* **ABOUT THIS TASK**:
Beginning at the line containing "f3_faces = [f1.faces().sort_by_distance(p)[0]", print every line until the records end, keeping each exactly as it is.

SUPPLIED RECORDS Block Start

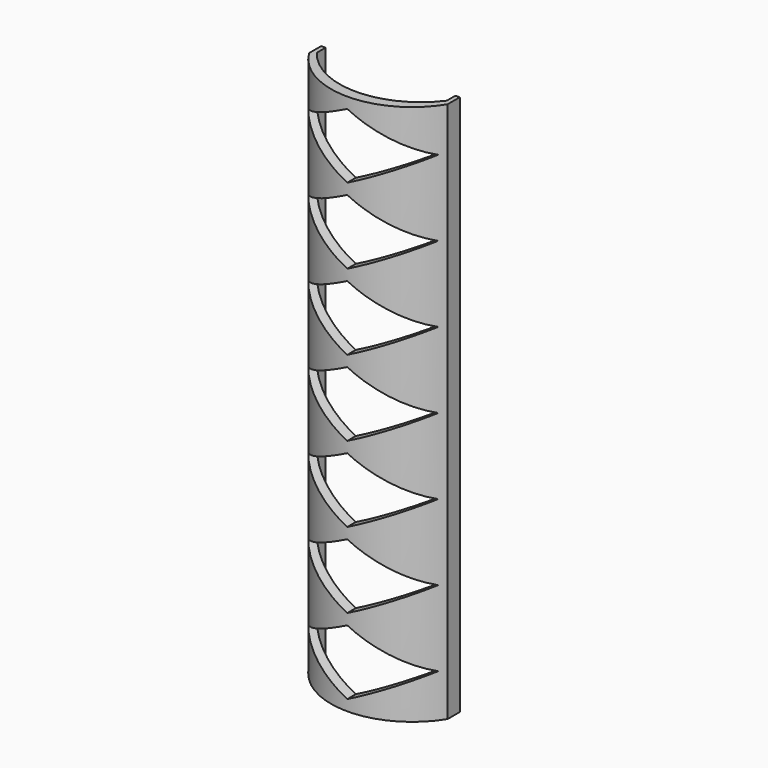
from build123d import *

# Parameters (mm, degrees)
F1_DEPTH = 250
F3_DEPTH = 250
F5_DEPTH = 37.501


# Not quite as in the source:
# - a feature names something its author has since deleted; it is built from what else it names


with BuildPart() as f1:
    # F0 (on Top) → F1 (new body)
    with BuildSketch(Plane.XY):
        with BuildLine():
            Line((-32, -12.551214796), (-32, -19.551214796))
            ThreePointArc((-32, -19.551214796), (0, -37.5), (32, -19.551214796))
            Line((32, -19.551214796), (32, -12.551214796))
            Line((32, -12.551214796), (0, -12.551214796))
            Line((0, -12.551214796), (-32, -12.551214796))
        make_face()
    extrude(amount=F1_DEPTH)

    # F2 (on face) → F3 (cut)
    with BuildSketch(Plane(origin=(0, 0, 0), x_dir=(1, 0, 0), z_dir=(0, 0, -1))):
        with BuildLine():
            Line((-30, 12.551214796), (30, 12.551214796))
            Line((30, 12.551214796), (30, 17.551214796))
            ThreePointArc((30, 17.551214796), (0, 32.551214796), (-30, 17.551214796))
            Line((-30, 17.551214796), (-30, 12.551214796))
        make_face()
    extrude(amount=-F3_DEPTH, mode=Mode.SUBTRACT)

    # F4 (on Front) → F5 (cut, through all)
    with BuildSketch(Plane.XZ):
        Polygon((-30, 20), (0, 5), (30, 20), (0, 35), align=None)
        Polygon((0, 40), (30, 55), (0, 70), (-30, 55), align=None)
        Polygon((0, 110), (30, 125), (0, 140), (-30, 125), align=None)
        Polygon((0, 145), (30, 160), (0, 175), (-30, 160), align=None)
        Polygon((0, 180), (30, 195), (0, 210), (-30, 195), align=None)
        Polygon((0, 215), (30, 230), (0, 245), (-30, 230), align=None)
        Polygon((0, 75), (30, 90), (0, 105), (-30, 90), align=None)
    extrude(amount=F5_DEPTH, mode=Mode.SUBTRACT)


solid = f1.part
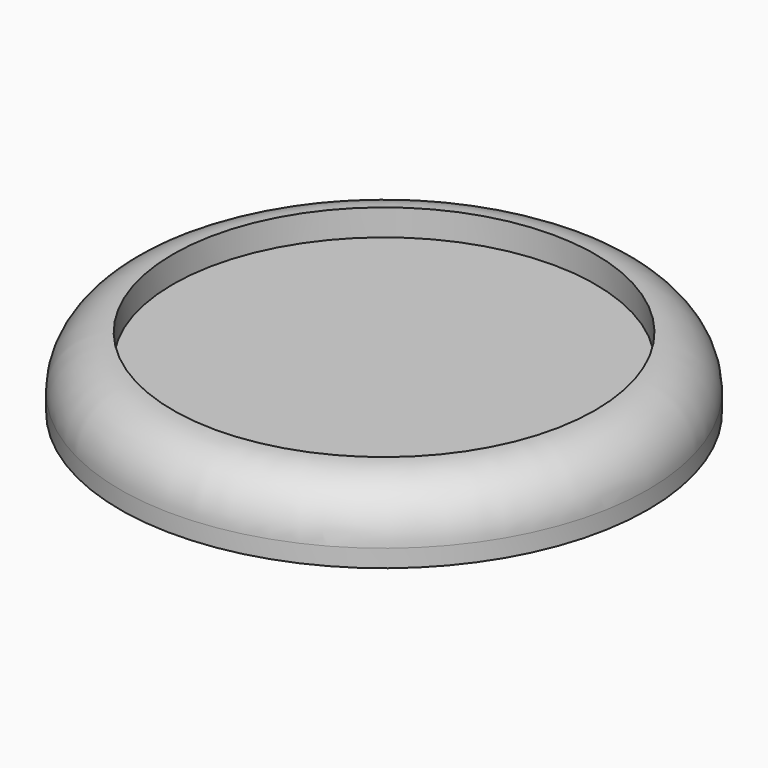
from build123d import *

# Parameters (mm, degrees)
F0_R     = 15
F1_DEPTH = 4
F2_R     = 3
F3_DEPTH = 1.5
F4_T     = -1
F5_DEPTH = 1.5


with BuildPart() as f1:
    # F0 (on Top) → F1 (new body)
    with BuildSketch(Plane.XY):
        Circle(F0_R)
    extrude(amount=F1_DEPTH)

    # F2
    f2_edges = [f1.edges().sort_by_distance(p)[0] for p in [
        (-15, 0, 4),
    ]]
    fillet(f2_edges, radius=F2_R)

    # F3 (cut): a face of the model
    f3_faces = [f1.faces().sort_by_distance(p)[0] for p in [
        (0, 0, 4),
    ]]
    extrude(f3_faces, amount=-F3_DEPTH, mode=Mode.SUBTRACT)

    # F4
    f4_openings = [f1.faces().sort_by_distance(p)[0] for p in [
        (0, 0, 0),
    ]]
    offset(amount=F4_T, openings=f4_openings, kind=Kind.INTERSECTION)

    # F5 (add): a face of the model
    f5_faces = [f1.faces().sort_by_distance(p)[0] for p in [
        (0, 0, 1.5),
    ]]
    extrude(f5_faces, amount=F5_DEPTH)


solid = f1.part

SUPPLIED RECORDS Block End

* **TASK RESULT**:
    f3_faces = [f1.faces().sort_by_distance(p)[0] for p in [
        (0, 0, 4),
    ]]
    extrude(f3_faces, amount=-F3_DEPTH, mode=Mode.SUBTRACT)

    # F4
    f4_openings = [f1.faces().sort_by_distance(p)[0] for p in [
        (0, 0, 0),
    ]]
    offset(amount=F4_T, openings=f4_openings, kind=Kind.INTERSECTION)

    # F5 (add): a face of the model
    f5_faces = [f1.faces().sort_by_distance(p)[0] for p in [
        (0, 0, 1.5),
    ]]
    extrude(f5_faces, amount=F5_DEPTH)


solid = f1.part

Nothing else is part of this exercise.